(Stored dataset items)

============

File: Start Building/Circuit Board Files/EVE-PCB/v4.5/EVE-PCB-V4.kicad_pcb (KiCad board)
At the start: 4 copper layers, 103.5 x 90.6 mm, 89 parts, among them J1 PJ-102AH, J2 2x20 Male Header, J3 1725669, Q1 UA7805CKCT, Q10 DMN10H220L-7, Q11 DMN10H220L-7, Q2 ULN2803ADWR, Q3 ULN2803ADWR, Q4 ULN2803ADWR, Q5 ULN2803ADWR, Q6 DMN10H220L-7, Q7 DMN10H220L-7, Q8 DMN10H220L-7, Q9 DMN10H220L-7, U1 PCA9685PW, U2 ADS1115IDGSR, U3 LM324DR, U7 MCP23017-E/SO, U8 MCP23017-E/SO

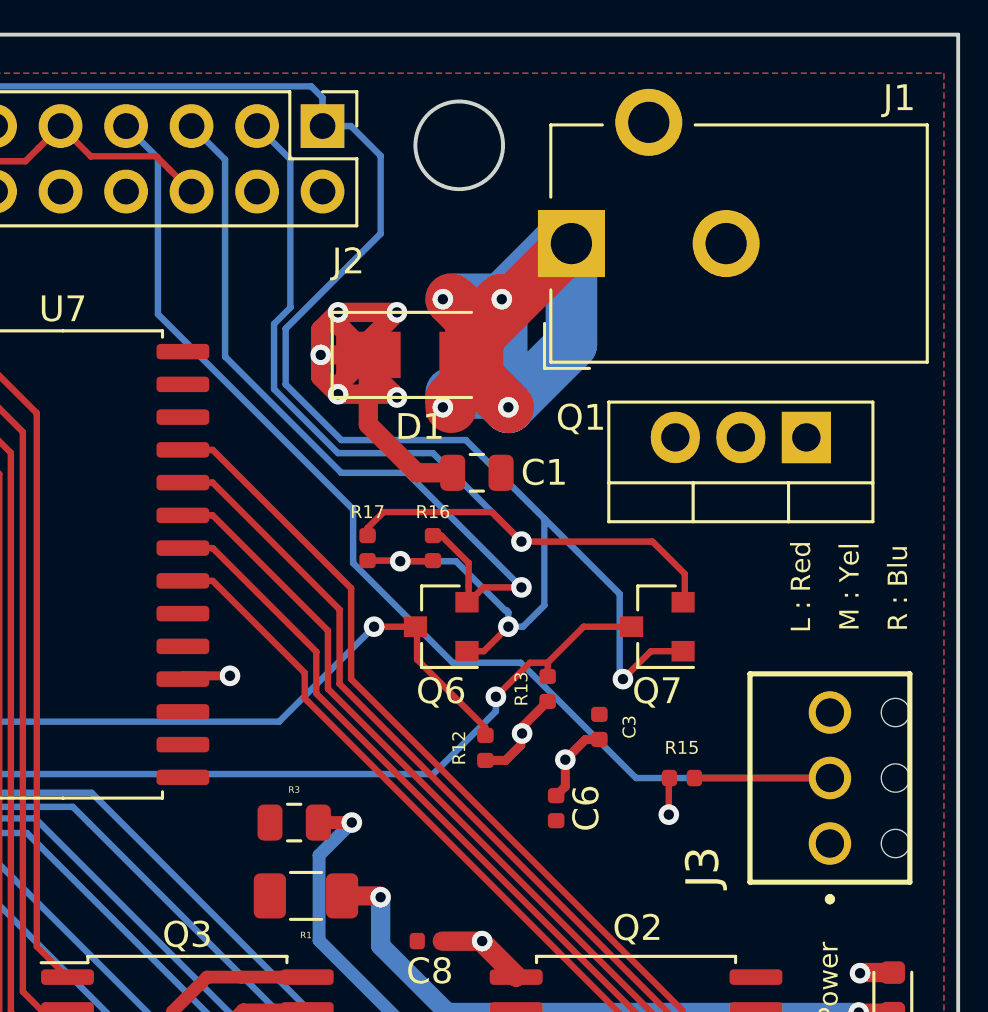
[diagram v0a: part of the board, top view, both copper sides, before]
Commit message: PCB v4.5 temp sensor PCB addition
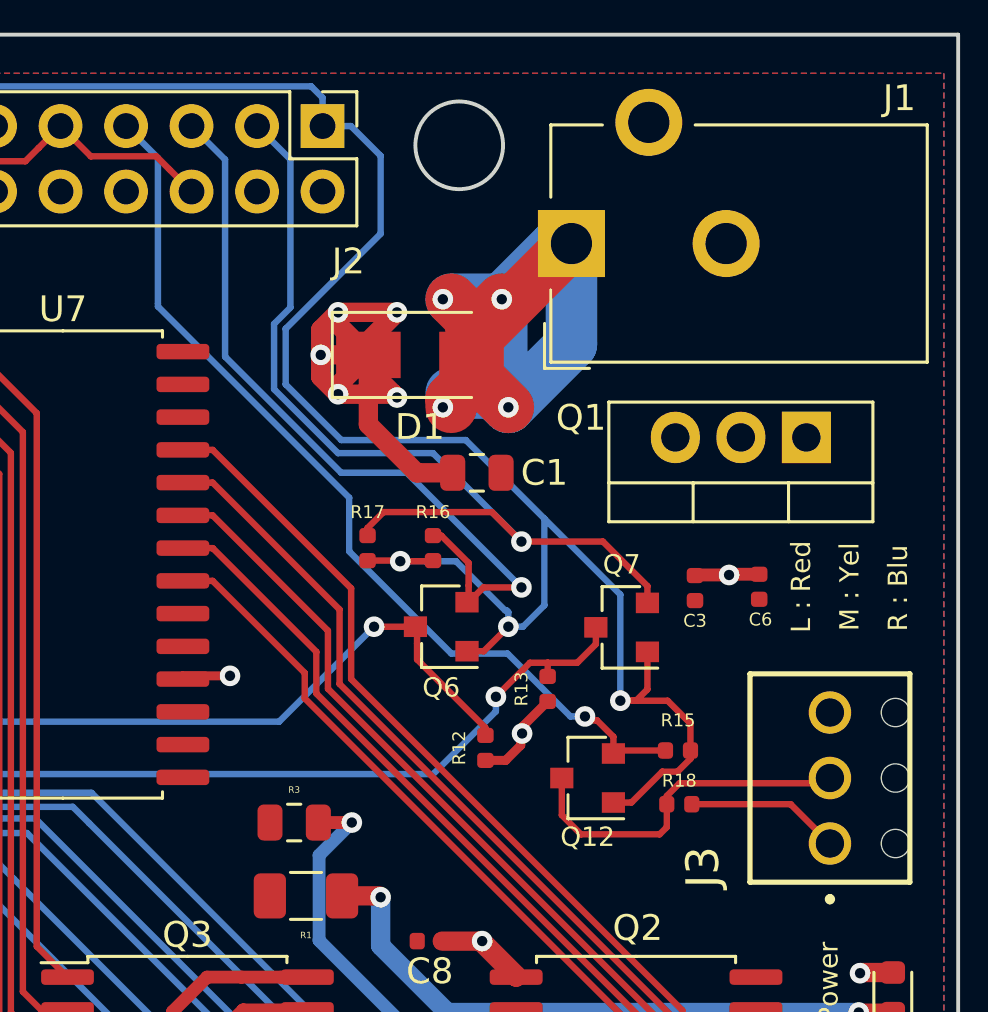
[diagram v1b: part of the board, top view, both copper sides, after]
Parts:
- added Q12: DMN10H220L-7, Package_TO_SOT_SMD:SOT-23, F.Cu at (176.7, 62.9)
- added R18: 4.7kΩ, Resistor_SMD:R_0402_1005Metric, F.Cu at (180.2, 63.9)
- moved C6 11.6 mm to (183.3, 55.5)
- moved C3 6.54 mm to (180.8, 55.5), turned to 270 degrees
- moved Q7 1.38 mm to (178.0, 57.0)
- moved R15 1.08 mm to (180.2, 61.8)
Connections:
- J2 pad 7: /TEMP_DA -> /TEMP_DA-3.3
- R15 pad 1: +5V -> /TEMP_DA-3.3
- R15 pad 2: /TEMP_DA -> +3V3
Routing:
- net /TEMP_DA-3.3: track 0.00 -> 36.0 mm, vias 0 -> 1
- net /TEMP_DA: track 47.8 -> 13.8 mm
- net +3V3: track 80.9 -> 89.7 mm
- net +5V: track 51.3 -> 55.1 mm, vias 16 -> 15
- net /SDA-3.3: track 38.0 -> 36.3 mm
- net /SDA: track 92.8 -> 91.8 mm

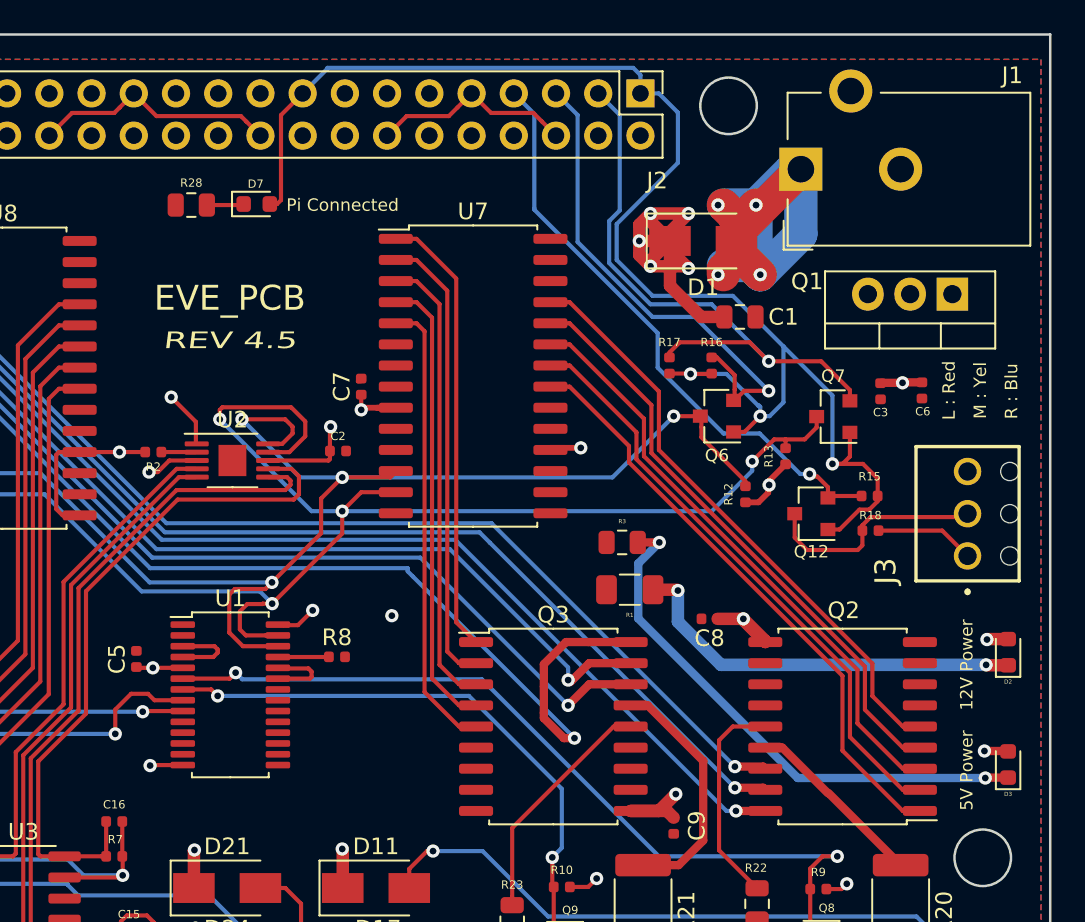
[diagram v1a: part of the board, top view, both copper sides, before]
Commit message: Updates to v4.5 and include support for ADS1115
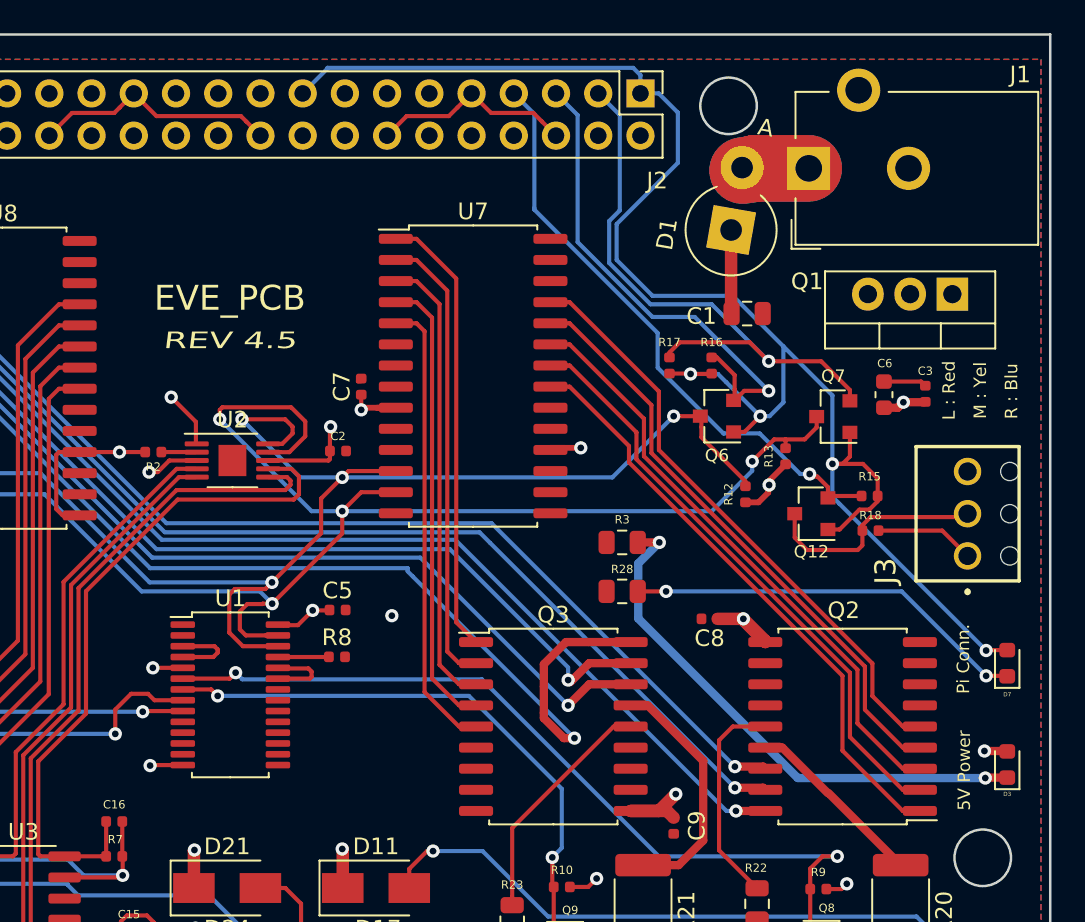
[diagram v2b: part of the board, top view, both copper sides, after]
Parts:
- removed D2: 19-217/GHC-YR1S2/3T, LED_SMD:LED_0603_1608Metric
- removed R1: 432Ω, Resistor_SMD:R_1206_3216Metric
- C6: footprint Capacitor_SMD:C_0402_1005Metric -> Capacitor_SMD:C_0603_1608Metric
- D1: value US1K-13-F -> MUR480ERLG; footprint Diode_SMD:D_SMA -> Diode_THT:D_DO-201AE_P3.81mm_Vertical_AnodeUp
- R3: value 85Ω -> 169Ω
- moved D7 52.9 mm to (188.5, 71.9), turned to 90 degrees
- moved R28 34.8 mm to (165.3, 67.6)
- moved C5 12.5 mm to (148.2, 68.7), turned to 0 degrees
- moved C3 2.70 mm to (183.5, 55.7), turned to 90 degrees
- moved C6 2.30 mm to (181.1, 55.7), turned to 90 degrees
- moved D1 1.80 mm to (171.9, 45.8), turned to 80 degrees
- moved C1 0.48 mm to (172.8, 50.9)
- moved J1 0.48 mm to (176.5, 42.1)
- moved D3 0.05 mm to (188.5, 78.0)
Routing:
- net Net-(D1-Pad2): track 48.5 -> 12.0 mm, vias 4 -> 0
- net Net-(D2-Pad1): track 24.3 -> 0.00 mm, vias 2 -> 0
- net Net-(D7-Pad1): track 2.24 -> 24.3 mm, vias 0 -> 2
- net +12V: track 87.9 -> 71.0 mm, vias 30 -> 24
- net +3V3: track 89.7 -> 98.0 mm, vias 3 -> 4
- net GND: track 54.2 -> 56.8 mm
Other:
- net class ultrabig added: clearance 0.2, trace_width 4, via_dia 0.8, via_drill 0.4
- board text added: "Pi Conn."
- board text removed: "12V Power"
- board text removed: "Pi Connected"

============

*PROBLEM DESCRIPTION:* Retype the entries above exactly. Stop after the line containing "[diagram v2b: part", and omit the pictures.

*YOUR SOLUTION:*
File: Start Building/Circuit Board Files/EVE-PCB/v4.5/EVE-PCB-V4.kicad_pcb (KiCad board)
At the start: 4 copper layers, 103.5 x 90.6 mm, 89 parts, among them J1 PJ-102AH, J2 2x20 Male Header, J3 1725669, Q1 UA7805CKCT, Q10 DMN10H220L-7, Q11 DMN10H220L-7, Q2 ULN2803ADWR, Q3 ULN2803ADWR, Q4 ULN2803ADWR, Q5 ULN2803ADWR, Q6 DMN10H220L-7, Q7 DMN10H220L-7, Q8 DMN10H220L-7, Q9 DMN10H220L-7, U1 PCA9685PW, U2 ADS1115IDGSR, U3 LM324DR, U7 MCP23017-E/SO, U8 MCP23017-E/SO

[diagram v0a: part of the board, top view, both copper sides, before]
Commit message: PCB v4.5 temp sensor PCB addition
[diagram v1b: part of the board, top view, both copper sides, after]
Parts:
- added Q12: DMN10H220L-7, Package_TO_SOT_SMD:SOT-23, F.Cu at (176.7, 62.9)
- added R18: 4.7kΩ, Resistor_SMD:R_0402_1005Metric, F.Cu at (180.2, 63.9)
- moved C6 11.6 mm to (183.3, 55.5)
- moved C3 6.54 mm to (180.8, 55.5), turned to 270 degrees
- moved Q7 1.38 mm to (178.0, 57.0)
- moved R15 1.08 mm to (180.2, 61.8)
Connections:
- J2 pad 7: /TEMP_DA -> /TEMP_DA-3.3
- R15 pad 1: +5V -> /TEMP_DA-3.3
- R15 pad 2: /TEMP_DA -> +3V3
Routing:
- net /TEMP_DA-3.3: track 0.00 -> 36.0 mm, vias 0 -> 1
- net /TEMP_DA: track 47.8 -> 13.8 mm
- net +3V3: track 80.9 -> 89.7 mm
- net +5V: track 51.3 -> 55.1 mm, vias 16 -> 15
- net /SDA-3.3: track 38.0 -> 36.3 mm
- net /SDA: track 92.8 -> 91.8 mm

[diagram v1a: part of the board, top view, both copper sides, before]
Commit message: Updates to v4.5 and include support for ADS1115
[diagram v2b: part of the board, top view, both copper sides, after]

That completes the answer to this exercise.